Start of Data extract

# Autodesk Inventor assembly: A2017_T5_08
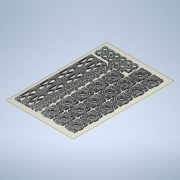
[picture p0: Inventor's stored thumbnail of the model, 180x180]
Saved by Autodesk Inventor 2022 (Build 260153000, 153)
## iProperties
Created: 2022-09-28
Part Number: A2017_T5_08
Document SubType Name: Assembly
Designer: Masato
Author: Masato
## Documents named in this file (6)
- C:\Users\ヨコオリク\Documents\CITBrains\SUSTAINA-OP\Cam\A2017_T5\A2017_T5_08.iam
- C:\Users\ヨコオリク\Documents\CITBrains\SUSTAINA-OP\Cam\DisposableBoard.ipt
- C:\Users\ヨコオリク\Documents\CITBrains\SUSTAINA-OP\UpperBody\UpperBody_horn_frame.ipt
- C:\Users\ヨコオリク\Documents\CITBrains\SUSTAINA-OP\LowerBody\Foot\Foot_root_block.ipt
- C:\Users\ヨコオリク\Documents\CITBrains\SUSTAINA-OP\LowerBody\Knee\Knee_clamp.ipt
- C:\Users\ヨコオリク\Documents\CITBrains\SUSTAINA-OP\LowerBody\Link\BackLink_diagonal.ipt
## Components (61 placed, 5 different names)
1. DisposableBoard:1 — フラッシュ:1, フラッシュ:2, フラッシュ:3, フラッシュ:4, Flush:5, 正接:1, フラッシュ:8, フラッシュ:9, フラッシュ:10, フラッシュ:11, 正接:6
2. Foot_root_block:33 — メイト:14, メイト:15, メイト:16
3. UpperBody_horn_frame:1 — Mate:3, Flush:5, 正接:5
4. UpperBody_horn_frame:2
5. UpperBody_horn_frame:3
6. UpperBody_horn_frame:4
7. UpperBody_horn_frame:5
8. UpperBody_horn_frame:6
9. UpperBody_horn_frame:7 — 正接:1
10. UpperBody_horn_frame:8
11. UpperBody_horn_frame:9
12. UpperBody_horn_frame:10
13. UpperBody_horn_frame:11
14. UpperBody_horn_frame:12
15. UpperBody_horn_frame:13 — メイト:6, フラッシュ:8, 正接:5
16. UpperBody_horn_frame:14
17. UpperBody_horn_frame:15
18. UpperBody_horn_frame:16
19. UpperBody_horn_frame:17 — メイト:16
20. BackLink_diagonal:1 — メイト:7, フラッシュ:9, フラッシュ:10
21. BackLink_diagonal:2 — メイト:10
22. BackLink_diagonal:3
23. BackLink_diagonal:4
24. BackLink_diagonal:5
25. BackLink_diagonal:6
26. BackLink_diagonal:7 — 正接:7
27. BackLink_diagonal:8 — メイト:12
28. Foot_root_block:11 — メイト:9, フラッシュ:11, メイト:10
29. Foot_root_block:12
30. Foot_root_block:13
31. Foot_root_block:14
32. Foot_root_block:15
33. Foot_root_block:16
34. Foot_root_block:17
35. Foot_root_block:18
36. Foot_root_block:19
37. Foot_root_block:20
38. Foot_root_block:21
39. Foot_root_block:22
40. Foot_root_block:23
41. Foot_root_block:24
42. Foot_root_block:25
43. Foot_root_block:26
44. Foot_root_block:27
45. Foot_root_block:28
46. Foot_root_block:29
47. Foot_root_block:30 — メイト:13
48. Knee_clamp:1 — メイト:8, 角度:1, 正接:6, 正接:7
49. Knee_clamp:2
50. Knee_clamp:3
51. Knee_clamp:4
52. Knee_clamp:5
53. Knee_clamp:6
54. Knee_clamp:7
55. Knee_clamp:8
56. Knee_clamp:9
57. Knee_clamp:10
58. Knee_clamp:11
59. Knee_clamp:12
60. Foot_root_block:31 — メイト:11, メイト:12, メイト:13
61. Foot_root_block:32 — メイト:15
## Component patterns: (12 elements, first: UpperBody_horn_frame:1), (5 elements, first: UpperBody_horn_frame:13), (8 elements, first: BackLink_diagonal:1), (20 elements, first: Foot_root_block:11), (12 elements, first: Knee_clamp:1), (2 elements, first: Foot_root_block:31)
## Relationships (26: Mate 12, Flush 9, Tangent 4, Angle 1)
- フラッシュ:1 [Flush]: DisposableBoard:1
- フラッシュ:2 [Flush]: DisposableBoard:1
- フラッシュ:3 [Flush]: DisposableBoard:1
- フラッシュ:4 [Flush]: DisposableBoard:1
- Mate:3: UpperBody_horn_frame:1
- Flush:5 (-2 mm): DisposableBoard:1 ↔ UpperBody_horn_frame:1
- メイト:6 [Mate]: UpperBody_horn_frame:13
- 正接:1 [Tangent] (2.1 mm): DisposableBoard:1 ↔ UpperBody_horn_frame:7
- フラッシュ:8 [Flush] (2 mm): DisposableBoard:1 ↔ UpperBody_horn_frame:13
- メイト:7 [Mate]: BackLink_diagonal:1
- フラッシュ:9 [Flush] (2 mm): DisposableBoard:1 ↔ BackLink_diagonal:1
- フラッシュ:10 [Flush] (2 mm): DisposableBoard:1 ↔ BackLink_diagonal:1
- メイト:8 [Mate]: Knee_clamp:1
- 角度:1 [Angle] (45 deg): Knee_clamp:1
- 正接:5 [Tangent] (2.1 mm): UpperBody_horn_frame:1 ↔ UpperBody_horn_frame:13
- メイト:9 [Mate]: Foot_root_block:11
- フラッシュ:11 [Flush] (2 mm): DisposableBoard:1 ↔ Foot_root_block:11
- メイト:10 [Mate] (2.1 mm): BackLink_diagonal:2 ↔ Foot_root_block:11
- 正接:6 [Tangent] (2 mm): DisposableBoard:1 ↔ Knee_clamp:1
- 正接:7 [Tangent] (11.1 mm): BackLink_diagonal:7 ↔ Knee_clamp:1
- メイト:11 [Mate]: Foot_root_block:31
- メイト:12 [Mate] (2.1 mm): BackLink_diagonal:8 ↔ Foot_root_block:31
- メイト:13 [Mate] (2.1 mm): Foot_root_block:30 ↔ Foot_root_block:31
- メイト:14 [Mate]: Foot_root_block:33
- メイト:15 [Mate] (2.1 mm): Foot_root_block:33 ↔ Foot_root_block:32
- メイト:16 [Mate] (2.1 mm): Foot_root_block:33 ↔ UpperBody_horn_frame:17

End of Data extract

- _Task goal_
From the records above, quote only the lines running from the line with "34. Foot_root_block:17" to the line with "57. Knee_clamp:10", both lines included.

- _Response_
34. Foot_root_block:17
35. Foot_root_block:18
36. Foot_root_block:19
37. Foot_root_block:20
38. Foot_root_block:21
39. Foot_root_block:22
40. Foot_root_block:23
41. Foot_root_block:24
42. Foot_root_block:25
43. Foot_root_block:26
44. Foot_root_block:27
45. Foot_root_block:28
46. Foot_root_block:29
47. Foot_root_block:30 — メイト:13
48. Knee_clamp:1 — メイト:8, 角度:1, 正接:6, 正接:7
49. Knee_clamp:2
50. Knee_clamp:3
51. Knee_clamp:4
52. Knee_clamp:5
53. Knee_clamp:6
54. Knee_clamp:7
55. Knee_clamp:8
56. Knee_clamp:9
57. Knee_clamp:10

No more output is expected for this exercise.